You won't catch me with no iphony....


----------



## the_predator (Sep 19, 2014)

LE tried to hack....


----------



## HeavyB (Sep 19, 2014)

Maybe they didn't pay the rent?


Sent from my iPhone using Tapatalk


----------



## heavyiron (Sep 19, 2014)

Operating System was corrupted beyond repair. Tech support is working on the reinstalls. Thankfully it looks like the data is recoverable and intact.


----------



## Watson (Sep 19, 2014)

i guess Prince finally upgraded to windows 98......


----------



## the_predator (Sep 19, 2014)

Griffith said:


> i guess Prince finally upgraded to windows 98......


Lol


----------



## charley (Sep 19, 2014)

Griffith said:


> i guess Prince finally upgraded to windows 98......





....oh good !!!    that means we'll be getting our old rep & like system back....   [don't hold your breath]


----------



## ROID (Sep 20, 2014)

This could have all been avoided if I would have got that autographed bottle from iml.

On a serious note: why is the data not backed up ? I would prefer a double redundant system.
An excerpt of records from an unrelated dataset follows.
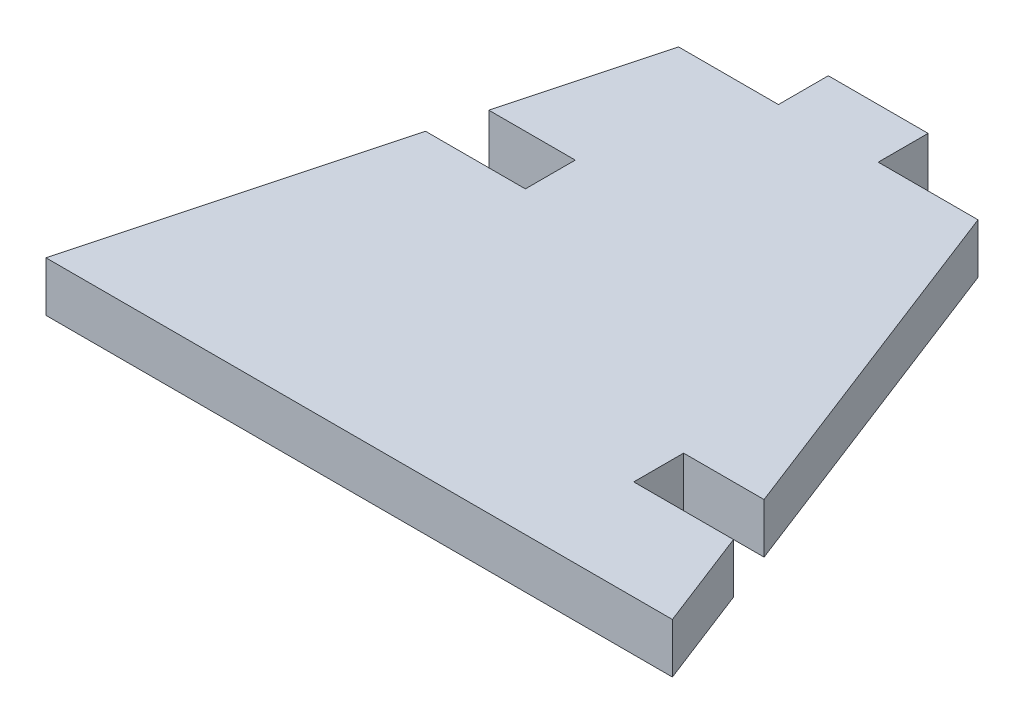
ISO-10303-21;
HEADER;
FILE_DESCRIPTION(('STEP AP214'),'2;1');
FILE_NAME('part.step','',(''),(''),'','','');
FILE_SCHEMA(('AUTOMOTIVE_DESIGN { 1 0 10303 214 1 1 1 1 }'));
ENDSEC;
DATA;
#1=APPLICATION_CONTEXT('core data for automotive mechanical design processes');
#2=APPLICATION_PROTOCOL_DEFINITION('international standard','automotive_design',2000,#1);
#3=PRODUCT_CONTEXT('',#1,'mechanical');
#4=PRODUCT('Part','Part','',(#3));
#5=PRODUCT_RELATED_PRODUCT_CATEGORY('part','',(#4));
#6=PRODUCT_DEFINITION_FORMATION('','',#4);
#7=PRODUCT_DEFINITION_CONTEXT('part definition',#1,'design');
#8=PRODUCT_DEFINITION('design','',#6,#7);
#9=PRODUCT_DEFINITION_SHAPE('','',#8);
#10=(LENGTH_UNIT() NAMED_UNIT(*) SI_UNIT(.MILLI.,.METRE.));
#11=(NAMED_UNIT(*) PLANE_ANGLE_UNIT() SI_UNIT($,.RADIAN.));
#12=(NAMED_UNIT(*) SI_UNIT($,.STERADIAN.) SOLID_ANGLE_UNIT());
#13=UNCERTAINTY_MEASURE_WITH_UNIT(LENGTH_MEASURE(1.E-05),#10,'distance_accuracy_value','');
#14=(GEOMETRIC_REPRESENTATION_CONTEXT(3) GLOBAL_UNCERTAINTY_ASSIGNED_CONTEXT((#13)) GLOBAL_UNIT_ASSIGNED_CONTEXT((#10,
#11,#12)) REPRESENTATION_CONTEXT('',''));
#15=CARTESIAN_POINT('',(0.,0.,0.));
#16=DIRECTION('',(0.,0.,1.));
#17=DIRECTION('',(1.,0.,0.));
#18=AXIS2_PLACEMENT_3D('',#15,#16,#17);
#19=CARTESIAN_POINT('',(0.,10.,0.));
#20=DIRECTION('',(0.,0.,-1.));
#21=DIRECTION('',(-1.,0.,0.));
#22=AXIS2_PLACEMENT_3D('',#19,#20,#21);
#23=PLANE('',#22);
#24=DIRECTION('',(1.,0.,0.));
#25=VECTOR('',#24,1.);
#26=CARTESIAN_POINT('',(0.,0.,0.));
#27=LINE('',#26,#25);
#28=CARTESIAN_POINT('',(-38.0304678026323,0.,0.));
#29=VERTEX_POINT('',#28);
#30=CARTESIAN_POINT('',(87.5130602427564,0.,0.));
#31=VERTEX_POINT('',#30);
#32=EDGE_CURVE('E112',#29,#31,#27,.T.);
#33=ORIENTED_EDGE('',*,*,#32,.T.);
#34=DIRECTION('',(0.,-1.,0.));
#35=VECTOR('',#34,1.);
#36=CARTESIAN_POINT('',(87.5130602427564,10.,0.));
#37=LINE('',#36,#35);
#38=CARTESIAN_POINT('',(87.5130602427564,10.,0.));
#39=VERTEX_POINT('',#38);
#40=EDGE_CURVE('E11',#39,#31,#37,.T.);
#41=ORIENTED_EDGE('',*,*,#40,.F.);
#42=DIRECTION('',(1.,0.,0.));
#43=VECTOR('',#42,1.);
#44=CARTESIAN_POINT('',(-38.0304678026323,10.,0.));
#45=LINE('',#44,#43);
#46=CARTESIAN_POINT('',(-38.0304678026323,10.,0.));
#47=VERTEX_POINT('',#46);
#48=EDGE_CURVE('E118',#47,#39,#45,.T.);
#49=ORIENTED_EDGE('',*,*,#48,.F.);
#50=DIRECTION('',(0.,-1.,0.));
#51=VECTOR('',#50,1.);
#52=CARTESIAN_POINT('',(-38.0304678026323,10.,0.));
#53=LINE('',#52,#51);
#54=EDGE_CURVE('E176',#47,#29,#53,.T.);
#55=ORIENTED_EDGE('',*,*,#54,.T.);
#56=EDGE_LOOP('',(#33,#41,#49,#55));
#57=FACE_BOUND('',#56,.T.);
#58=ADVANCED_FACE('F36',(#57),#23,.F.);
#59=CARTESIAN_POINT('',(87.5130602427564,10.,0.));
#60=DIRECTION('',(-0.932445835577262,0.,0.361309789120946));
#61=DIRECTION('',(0.361309789120946,0.,0.932445835577262));
#62=AXIS2_PLACEMENT_3D('',#59,#60,#61);
#63=PLANE('',#62);
#64=DIRECTION('',(-0.361309789120946,0.,-0.932445835577262));
#65=VECTOR('',#64,1.);
#66=CARTESIAN_POINT('',(87.5130602427564,0.,0.));
#67=LINE('',#66,#65);
#68=CARTESIAN_POINT('',(79.7633384823012,0.,-20.));
#69=VERTEX_POINT('',#68);
#70=EDGE_CURVE('E181',#31,#69,#67,.T.);
#71=ORIENTED_EDGE('',*,*,#70,.T.);
#72=DIRECTION('',(0.,-1.,0.));
#73=VECTOR('',#72,1.);
#74=CARTESIAN_POINT('',(79.7633384823012,10.,-20.));
#75=LINE('',#74,#73);
#76=CARTESIAN_POINT('',(79.7633384823012,10.,-20.));
#77=VERTEX_POINT('',#76);
#78=EDGE_CURVE('E44',#77,#69,#75,.T.);
#79=ORIENTED_EDGE('',*,*,#78,.F.);
#80=DIRECTION('',(-0.361309789120946,0.,-0.932445835577262));
#81=VECTOR('',#80,1.);
#82=CARTESIAN_POINT('',(87.5130602427564,10.,0.));
#83=LINE('',#82,#81);
#84=EDGE_CURVE('E297',#39,#77,#83,.T.);
#85=ORIENTED_EDGE('',*,*,#84,.F.);
#86=ORIENTED_EDGE('',*,*,#40,.T.);
#87=EDGE_LOOP('',(#71,#79,#85,#86));
#88=FACE_BOUND('',#87,.T.);
#89=ADVANCED_FACE('F300',(#88),#63,.F.);
#90=CARTESIAN_POINT('',(79.7633384823012,10.,-20.));
#91=DIRECTION('',(0.,0.,1.));
#92=DIRECTION('',(1.,0.,0.));
#93=AXIS2_PLACEMENT_3D('',#90,#91,#92);
#94=PLANE('',#93);
#95=DIRECTION('',(-1.,0.,0.));
#96=VECTOR('',#95,1.);
#97=CARTESIAN_POINT('',(79.7633384823012,0.,-20.));
#98=LINE('',#97,#96);
#99=CARTESIAN_POINT('',(59.7633384823012,0.,-20.));
#100=VERTEX_POINT('',#99);
#101=EDGE_CURVE('E183',#69,#100,#98,.T.);
#102=ORIENTED_EDGE('',*,*,#101,.T.);
#103=DIRECTION('',(0.,-1.,0.));
#104=VECTOR('',#103,1.);
#105=CARTESIAN_POINT('',(59.7633384823012,10.,-20.));
#106=LINE('',#105,#104);
#107=CARTESIAN_POINT('',(59.7633384823012,10.,-20.));
#108=VERTEX_POINT('',#107);
#109=EDGE_CURVE('E240',#108,#100,#106,.T.);
#110=ORIENTED_EDGE('',*,*,#109,.F.);
#111=DIRECTION('',(-1.,0.,0.));
#112=VECTOR('',#111,1.);
#113=CARTESIAN_POINT('',(79.7633384823012,10.,-20.));
#114=LINE('',#113,#112);
#115=EDGE_CURVE('E249',#77,#108,#114,.T.);
#116=ORIENTED_EDGE('',*,*,#115,.F.);
#117=ORIENTED_EDGE('',*,*,#78,.T.);
#118=EDGE_LOOP('',(#102,#110,#116,#117));
#119=FACE_BOUND('',#118,.T.);
#120=ADVANCED_FACE('F247',(#119),#94,.F.);
#121=CARTESIAN_POINT('',(59.7633384823012,10.,-20.));
#122=DIRECTION('',(-1.,0.,0.));
#123=DIRECTION('',(0.,0.,1.));
#124=AXIS2_PLACEMENT_3D('',#121,#122,#123);
#125=PLANE('',#124);
#126=DIRECTION('',(0.,0.,-1.));
#127=VECTOR('',#126,1.);
#128=CARTESIAN_POINT('',(59.7633384823012,0.,-20.));
#129=LINE('',#128,#127);
#130=CARTESIAN_POINT('',(59.7633384823012,0.,-30.));
#131=VERTEX_POINT('',#130);
#132=EDGE_CURVE('E185',#100,#131,#129,.T.);
#133=ORIENTED_EDGE('',*,*,#132,.T.);
#134=DIRECTION('',(0.,-1.,0.));
#135=VECTOR('',#134,1.);
#136=CARTESIAN_POINT('',(59.7633384823012,10.,-30.));
#137=LINE('',#136,#135);
#138=CARTESIAN_POINT('',(59.7633384823012,10.,-30.));
#139=VERTEX_POINT('',#138);
#140=EDGE_CURVE('E237',#139,#131,#137,.T.);
#141=ORIENTED_EDGE('',*,*,#140,.F.);
#142=DIRECTION('',(0.,0.,-1.));
#143=VECTOR('',#142,1.);
#144=CARTESIAN_POINT('',(59.7633384823012,10.,-20.));
#145=LINE('',#144,#143);
#146=EDGE_CURVE('E267',#108,#139,#145,.T.);
#147=ORIENTED_EDGE('',*,*,#146,.F.);
#148=ORIENTED_EDGE('',*,*,#109,.T.);
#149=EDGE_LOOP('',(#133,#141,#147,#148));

My posts are too important to the human race to be lost. 

Sent from The Mothership


----------



## heavyiron (Sep 20, 2014)

ROID said:


> This could have all been avoided if I would have got that autographed bottle from iml.
> 
> On a serious note: why is the data not backed up ? I would prefer a double redundant system. My posts are too important to the human race to be lost.
> 
> Sent from The Mothership


The data was backed up a few hours before the operating system was corrupted. It just takes time to re-install the OS and recover the data.


----------



## Guillotine (Sep 20, 2014)

heavyiron said:


> The data was backed up a few hours before the operating system was corrupted. It just takes time to re-install the OS and recover the data.


LOL it takes hours upon hours just to patch the damned OS!


----------



## devildogusmc (Sep 21, 2014)

rambo99 said:


> You won't catch me with no iphony....



Lol! Felt so great getting rid of my iphone this weekend! Will NEVER own another!


----------



## rambo99 (Sep 21, 2014)

devildogusmc said:


> Lol! Felt so great getting rid of my iphone this weekend! Will NEVER own another!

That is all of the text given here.